:: Task brief ::
Write out again, exactly as they appear, the lines from the start of the data below through the line with "(16479.27862, 70777.7336)], flags=0)"; no pictures.

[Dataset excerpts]
^^^^^^^^^^^^^^^^
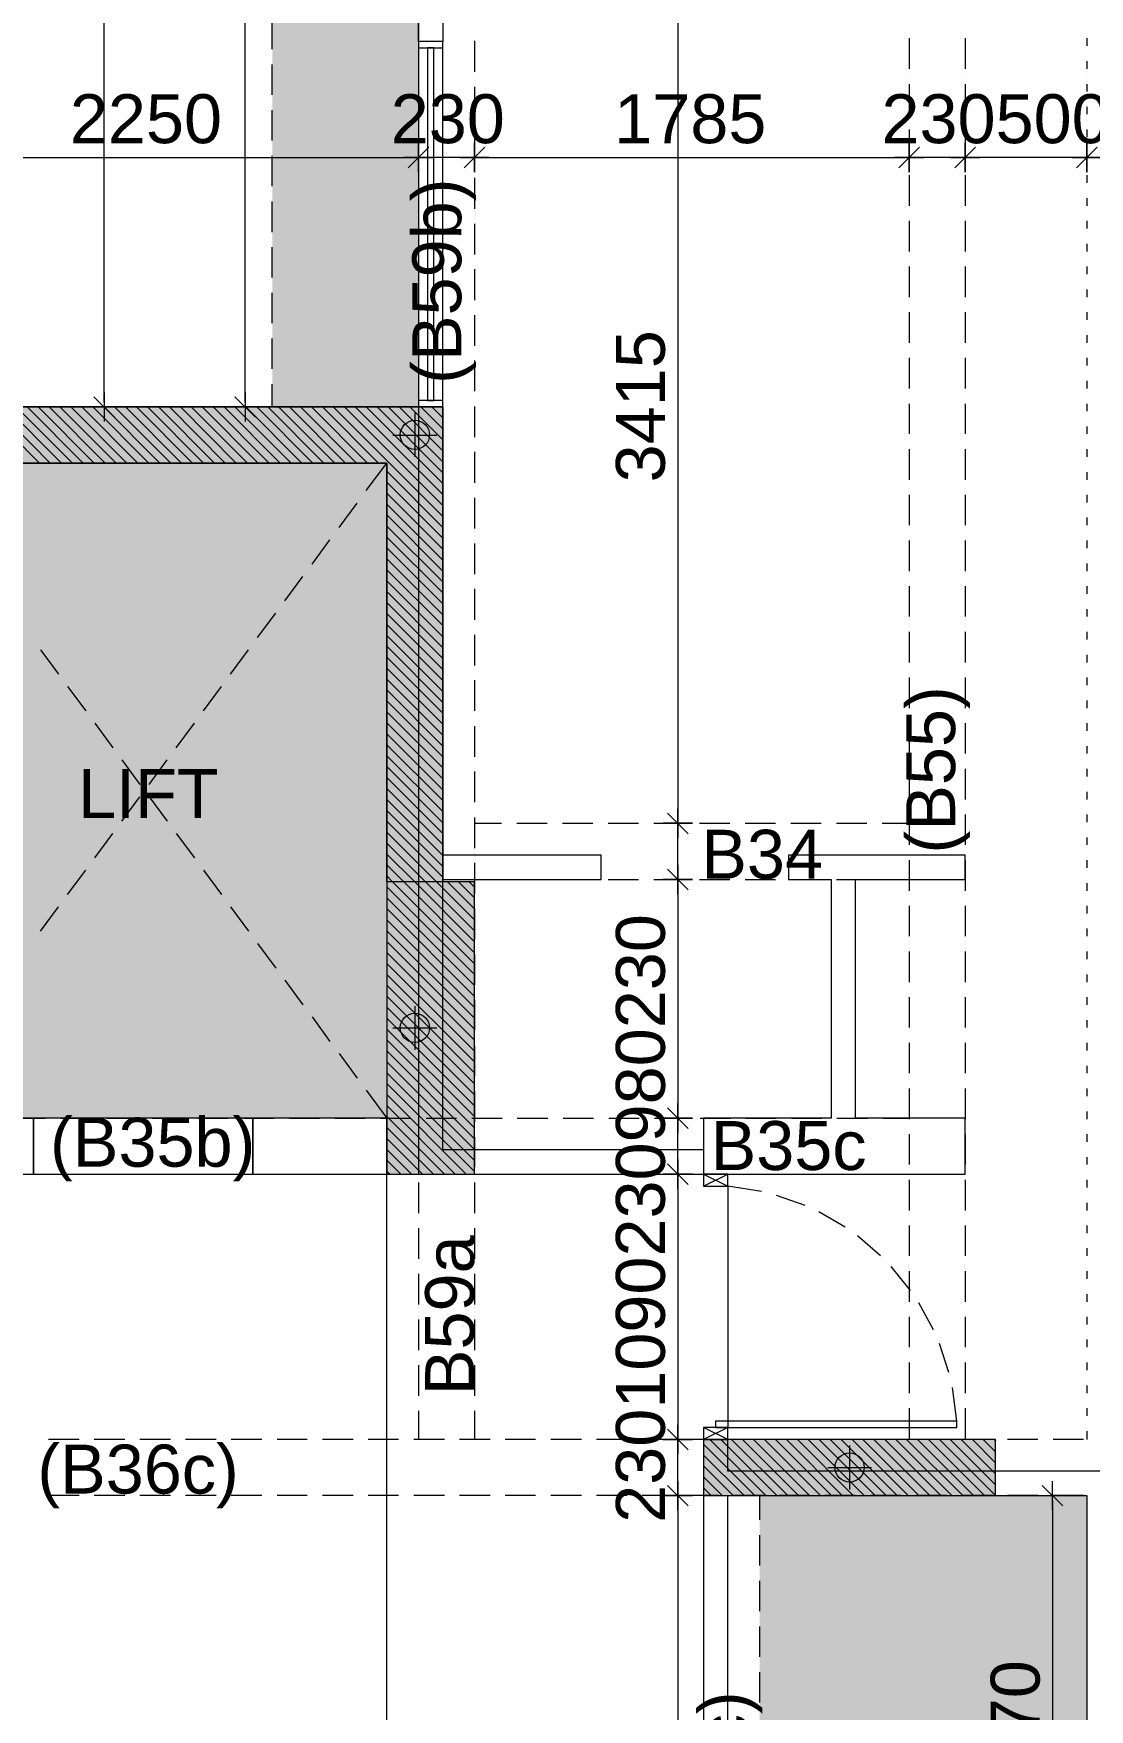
# Model space of a CAD drawing. Header units: millimetres. Extents: x -1303 to 98744, y -1303 to 90097.
# Drawn here: x 17378 to 21714, y 68579 to 75461 of the extents above; entities that cross this region are included whole.
import ezdxf

# ---------------------------------------------------------------- set-up
doc = ezdxf.new("R2010")
doc.units = ezdxf.units.MM
doc.layers.add('PDF_Geometry', color=7, linetype='Continuous')
doc.layers.add('PDF_Text', color=7, linetype='Continuous')
doc.layers.add('PDF_Solid Fills', color=192, linetype='Continuous', true_color=0xc2c0c0c0)
doc.styles.add('PDF ArialMT', font='arial.ttf')

msp = doc.modelspace()

# ---------------------------------------------------------------- hatches: boundary and pattern name
at = {"layer": 'PDF_Solid Fills'}
h = msp.add_hatch(color=256, dxfattribs=at)
h.paths.add_polyline_path([(19189.29033, 70777.7336), (19189.29033, 71977.6974), (18829.27557, 71977.6974), (18829.27557, 70777.7336)], flags=0)
h.paths.add_polyline_path([(16839.29338, 70777.7336), (16839.29338, 71977.6974), (16479.27862, 71977.6974), (16479.27862, 70777.7336)], flags=0)
h.paths.add_polyline_path([(16839.29338, 71977.6974), (16839.29338, 73697.71191), (18829.27557, 73697.71191), (18829.27557, 71977.6974), (19059.29832, 71977.6974), (19059.29832, 73927.73258), (16609.27064, 73927.73258), (16609.27064, 71977.6974)], flags=0)

# ---------------------------------------------------------------- linework, layer by layer
at = {"layer": 'PDF_Geometry', "color": 222, "lineweight": 0, "true_color": 0xb8008a}
for points in [[(17667.90338, 73947.45195), (17667.90338, 77907.2672)], [(18246.7692, 73947.45195), (18246.7692, 77907.2672)], [(17667.90338, 73987.22953), (17667.90338, 73867.0538)], [(18246.7692, 73987.22953), (18246.7692, 73867.0538)], [(17727.98917, 73927.13754), (17607.81552, 73927.13754)], [(17625.58857, 73969.45235), (17710.21819, 73884.82272)], [(18306.85706, 73927.13754), (18186.68133, 73927.13754)], [(18204.45438, 73969.45235), (18289.08401, 73884.82272)]]:
    msp.add_lwpolyline(points, dxfattribs=at)
at = {"layer": 'PDF_Geometry', "color": 9, "lineweight": 0, "true_color": 0xc0c0c0}
for points in [[(18958.50518, 76997.49872), (18958.50518, 76012.41483), (19059.21361, 76012.41483), (19059.21361, 75732.28581), (21188.49583, 75732.28581), (21188.49583, 75632.42451), (19059.21361, 75632.42451), (19059.21361, 75427.61915), (18958.50518, 75427.61915), (18958.50518, 76012.41483)], [(20128.93125, 70877.09077), (19059.21361, 70877.09077), (19059.21361, 71987.42484), (19709.16955, 71987.42484), (19709.16955, 72087.29442), (19059.21361, 72087.29442), (19059.21361, 73927.13754), (18958.50518, 73927.13754), (18958.50518, 70777.22119), (21203.72751, 70777.22119), (21203.72751, 71007.41543), (20753.49831, 71007.41543), (20753.49831, 71987.42484), (21203.72751, 71987.42484), (21203.72751, 72087.29442), (20478.45202, 72087.29442), (20478.45202, 71987.42484), (20653.63494, 71987.42484), (20653.63494, 71007.41543), (20128.93125, 71007.41543), (20128.93125, 70777.22119), (20228.79463, 70727.29467)], [(18744.39181, 73583.54455), (18829.02144, 73696.94329)], [(18632.68112, 73432.90548), (18707.15353, 73532.76678)], [(18521.81548, 73281.41514), (18595.44284, 73382.1277)], [(18410.10479, 73130.77605), (18484.57927, 73231.48035)], [(18298.3941, 72980.13698), (18372.86651, 73080.84127)], [(17406.39659, 72930.20219), (17480.87108, 72829.48963)], [(18186.68133, 72829.48963), (18261.15582, 72930.20219)], [(17518.10728, 72779.56311), (17592.58177, 72678.85055)], [(18075.81777, 72678.85055), (18149.44513, 72779.56311)], [(17629.82005, 72628.92403), (17703.44741, 72528.21147)], [(17964.10707, 72528.21147), (18038.57949, 72628.92403)], [(17740.68362, 72478.27668), (17815.1581, 72377.57238)], [(17852.39431, 72377.57238), (17926.86879, 72478.27668)], [(17740.68362, 72226.93331), (17815.1581, 72326.79461)], [(17852.39431, 72326.79461), (17926.86879, 72226.93331)], [(17629.82005, 72076.28595), (17703.44741, 72176.15553)], [(17964.10707, 72176.15553), (18038.57949, 72076.28595)], [(17518.10728, 71924.80388), (17592.58177, 72025.50818)], [(18075.81777, 72025.50818), (18149.44513, 71924.80388)], [(17406.39659, 71774.1648), (17480.87108, 71874.8691)], [(18186.68133, 71874.8691), (18261.15582, 71774.1648)], [(18298.3941, 71724.23002), (18372.86651, 71623.51745)], [(18410.10479, 71573.59093), (18484.57927, 71472.87838)], [(18521.81548, 71422.95186), (18595.44284, 71322.23929)], [(18632.68112, 71272.3045), (18707.15353, 71171.60021)], [(18744.39181, 71121.66543), (18829.02144, 71007.41543)], [(20123.00759, 68146.09107), (20128.93125, 68227.33221), (19929.20658, 68227.33221), (19929.20658, 68327.19351), (20128.93125, 68327.19351), (18829.02144, 68327.19351), (18829.02144, 70777.22119), (18958.50518, 70777.22119)], [(20128.93125, 70727.29467), (20228.79463, 70777.22119)], [(20367.58846, 70706.13726), (20228.79463, 70727.29467), (20228.79463, 69737.12804), (20128.93125, 69687.19326)], [(20546.15573, 70648.59078), (20428.52137, 70690.05433)], [(20710.33844, 70559.72967), (20602.85716, 70622.35063)], [(20856.74604, 70442.09118), (20761.96127, 70523.33231)], [(20978.61395, 70299.91506), (20899.90798, 70397.23913)], [(21073.39871, 70138.26751), (21013.31085, 70248.28603)], [(21136.87093, 69962.23955), (21097.94047, 70081.57228)], [(21169.0306, 69762.51693), (21151.25755, 69901.30456)], [(20228.79463, 69687.19326), (20128.93125, 69737.12804)], [(20581.69975, 67257.47999), (20581.69975, 67357.3413), (20228.79463, 67357.3413), (20228.79463, 69456.99902), (21703.88943, 69456.99902), (21703.88943, 68127.4709), (21803.7528, 68127.4709), (21803.7528, 69556.8686), (20228.79463, 69556.8686), (20228.79463, 69687.19326), (20128.93125, 69687.19326), (20128.93125, 66032.04053), (26774.05116, 66032.04053), (26774.05116, 66642.22096), (26674.18779, 66642.22096), (26674.18779, 66131.90596), (21803.7528, 66131.90596), (21803.7528, 67357.3413), (21350.9843, 67357.3413)]]:
    msp.add_lwpolyline(points, dxfattribs=at)
at = {"layer": 'PDF_Geometry', "color": 122, "lineweight": 0, "true_color": 0x00b88a}
for points in [[(20023.99135, 75612.11835), (20023.99135, 72237.08224), (20023.99135, 72257.39666)], [(16748.82481, 74952.00727), (16728.51453, 74952.00727), (18939.03995, 74952.00727), (18918.7276, 74952.00727)], [(19188.69735, 74952.00727), (18958.50518, 74952.00727)], [(19228.47286, 74952.00727), (19209.00763, 74952.00727), (20954.07011, 74952.00727), (20933.75983, 74952.00727)], [(21703.88943, 74952.00727), (21203.72751, 74952.00727), (20973.53534, 74952.00727)], [(21184.26435, 74952.00727), (21163.952, 74952.00727)], [(21224.03986, 74952.00727), (21243.50509, 74952.00727)], [(20023.99135, 71987.42484), (20023.99135, 72217.61909)], [(20023.99135, 71947.65554), (20023.99135, 71967.11869), (20023.99135, 71026.87859), (20023.99135, 71047.19301)], [(20023.99135, 70777.22119), (20023.99135, 71007.41543)], [(20023.99135, 70737.45188), (20023.99135, 70756.91504), (20023.99135, 69707.50767), (20023.99135, 69726.97084)], [(20023.99135, 69456.99902), (20023.99135, 69687.19326)], [(21562.55837, 69396.91529), (21562.55837, 69517.09101)], [(20023.99135, 69417.22971), (20023.99135, 69437.53586), (20023.99135, 66282.54505), (20023.99135, 66302.00821)], [(21502.4705, 69456.99902), (21622.64416, 69456.99902)], [(21604.87318, 69414.68421), (21520.24355, 69499.31383)], [(21562.55837, 69437.53586), (21562.55837, 67507.13739), (21562.55837, 67527.44768)]]:
    msp.add_lwpolyline(points, dxfattribs=at)
at = {"layer": 'PDF_Geometry', "lineweight": 0}
for points in [[(18358.47989, 75396.31281), (18358.47989, 75520.71174)], [(18958.50518, 75417.47021), (18958.50518, 75417.47021)], [(18958.50518, 75417.47021), (18958.50518, 75417.47021)], [(18958.50518, 75354.84098), (18958.50518, 75354.84098)], [(18958.50518, 75354.84098), (18958.50518, 75354.84098)], [(19188.69735, 75417.47021), (19188.69735, 75417.47021)], [(19188.69735, 75417.47021), (19188.69735, 75417.47021)], [(19188.69735, 75354.84098), (19188.69735, 75354.84098)], [(19188.69735, 75354.84098), (19188.69735, 75354.84098)], [(20973.53534, 75417.47021), (20973.53534, 75417.47021)], [(20973.53534, 75417.47021), (20973.53534, 75417.47021)], [(20973.53534, 75354.84098), (20973.53534, 75354.84098)], [(20973.53534, 75354.84098), (20973.53534, 75354.84098)], [(21203.72751, 75417.47021), (21203.72751, 75417.47021)], [(21203.72751, 75417.47021), (21203.72751, 75417.47021)], [(21203.72751, 75354.84098), (21203.72751, 75354.84098)], [(21203.72751, 75354.84098), (21203.72751, 75354.84098)], [(21703.88943, 75417.47021), (21703.88943, 75417.47021)], [(21703.88943, 75417.47021), (21703.88943, 75417.47021)], [(21703.88943, 75354.84098), (21703.88943, 75354.84098)], [(21703.88943, 75354.84098), (21703.88943, 75354.84098)], [(18358.47989, 75208.43338), (18358.47989, 75333.68358)], [(18958.50518, 75292.21175), (18958.50518, 75292.21175)], [(18958.50518, 75292.21175), (18958.50518, 75292.21175)], [(19188.69735, 75292.21175), (19188.69735, 75292.21175)], [(19188.69735, 75292.21175), (19188.69735, 75292.21175)], [(20973.53534, 75292.21175), (20973.53534, 75292.21175)], [(20973.53534, 75292.21175), (20973.53534, 75292.21175)], [(21203.72751, 75292.21175), (21203.72751, 75292.21175)], [(21203.72751, 75292.21175), (21203.72751, 75292.21175)], [(21703.88943, 75292.21175), (21703.88943, 75292.21175)], [(21703.88943, 75292.21175), (21703.88943, 75292.21175)], [(18958.50518, 75229.59079), (18958.50518, 75229.59079)], [(18958.50518, 75229.59079), (18958.50518, 75229.59079)], [(19188.69735, 75229.59079), (19188.69735, 75229.59079)], [(19188.69735, 75229.59079), (19188.69735, 75229.59079)], [(20973.53534, 75229.59079), (20973.53534, 75229.59079)], [(20973.53534, 75229.59079), (20973.53534, 75229.59079)], [(21203.72751, 75229.59079), (21203.72751, 75229.59079)], [(21203.72751, 75229.59079), (21203.72751, 75229.59079)], [(21703.88943, 75229.59079), (21703.88943, 75229.59079)], [(21703.88943, 75229.59079), (21703.88943, 75229.59079)], [(18958.50518, 75166.96156), (18958.50518, 75166.96156)], [(18958.50518, 75166.96156), (18958.50518, 75166.96156)], [(19188.69735, 75166.96156), (19188.69735, 75166.96156)], [(19188.69735, 75166.96156), (19188.69735, 75166.96156)], [(20973.53534, 75166.96156), (20973.53534, 75166.96156)], [(20973.53534, 75166.96156), (20973.53534, 75166.96156)], [(21203.72751, 75166.96156), (21203.72751, 75166.96156)], [(21203.72751, 75166.96156), (21203.72751, 75166.96156)], [(21703.88943, 75166.96156), (21703.88943, 75166.96156)], [(21703.88943, 75166.96156), (21703.88943, 75166.96156)], [(18358.47989, 75021.39695), (18358.47989, 75145.80415)], [(18958.50518, 75105.18358), (18958.50518, 75105.18358)], [(18958.50518, 75105.18358), (18958.50518, 75105.18358)], [(19188.69735, 75105.18358), (19188.69735, 75105.18358)], [(19188.69735, 75105.18358), (19188.69735, 75105.18358)], [(20973.53534, 75105.18358), (20973.53534, 75105.18358)], [(20973.53534, 75105.18358), (20973.53534, 75105.18358)], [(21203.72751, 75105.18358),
^^^^^^^^^^^^^^^^
:: Exercise output ::
# Model space of a CAD drawing. Header units: millimetres. Extents: x -1303 to 98744, y -1303 to 90097.
# Drawn here: x 17378 to 21714, y 68579 to 75461 of the extents above; entities that cross this region are included whole.
import ezdxf

# ---------------------------------------------------------------- set-up
doc = ezdxf.new("R2010")
doc.units = ezdxf.units.MM
doc.layers.add('PDF_Geometry', color=7, linetype='Continuous')
doc.layers.add('PDF_Text', color=7, linetype='Continuous')
doc.layers.add('PDF_Solid Fills', color=192, linetype='Continuous', true_color=0xc2c0c0c0)
doc.styles.add('PDF ArialMT', font='arial.ttf')

msp = doc.modelspace()

# ---------------------------------------------------------------- hatches: boundary and pattern name
at = {"layer": 'PDF_Solid Fills'}
h = msp.add_hatch(color=256, dxfattribs=at)
h.paths.add_polyline_path([(19189.29033, 70777.7336), (19189.29033, 71977.6974), (18829.27557, 71977.6974), (18829.27557, 70777.7336)], flags=0)
h.paths.add_polyline_path([(16839.29338, 70777.7336), (16839.29338, 71977.6974), (16479.27862, 71977.6974), (16479.27862, 70777.7336)], flags=0)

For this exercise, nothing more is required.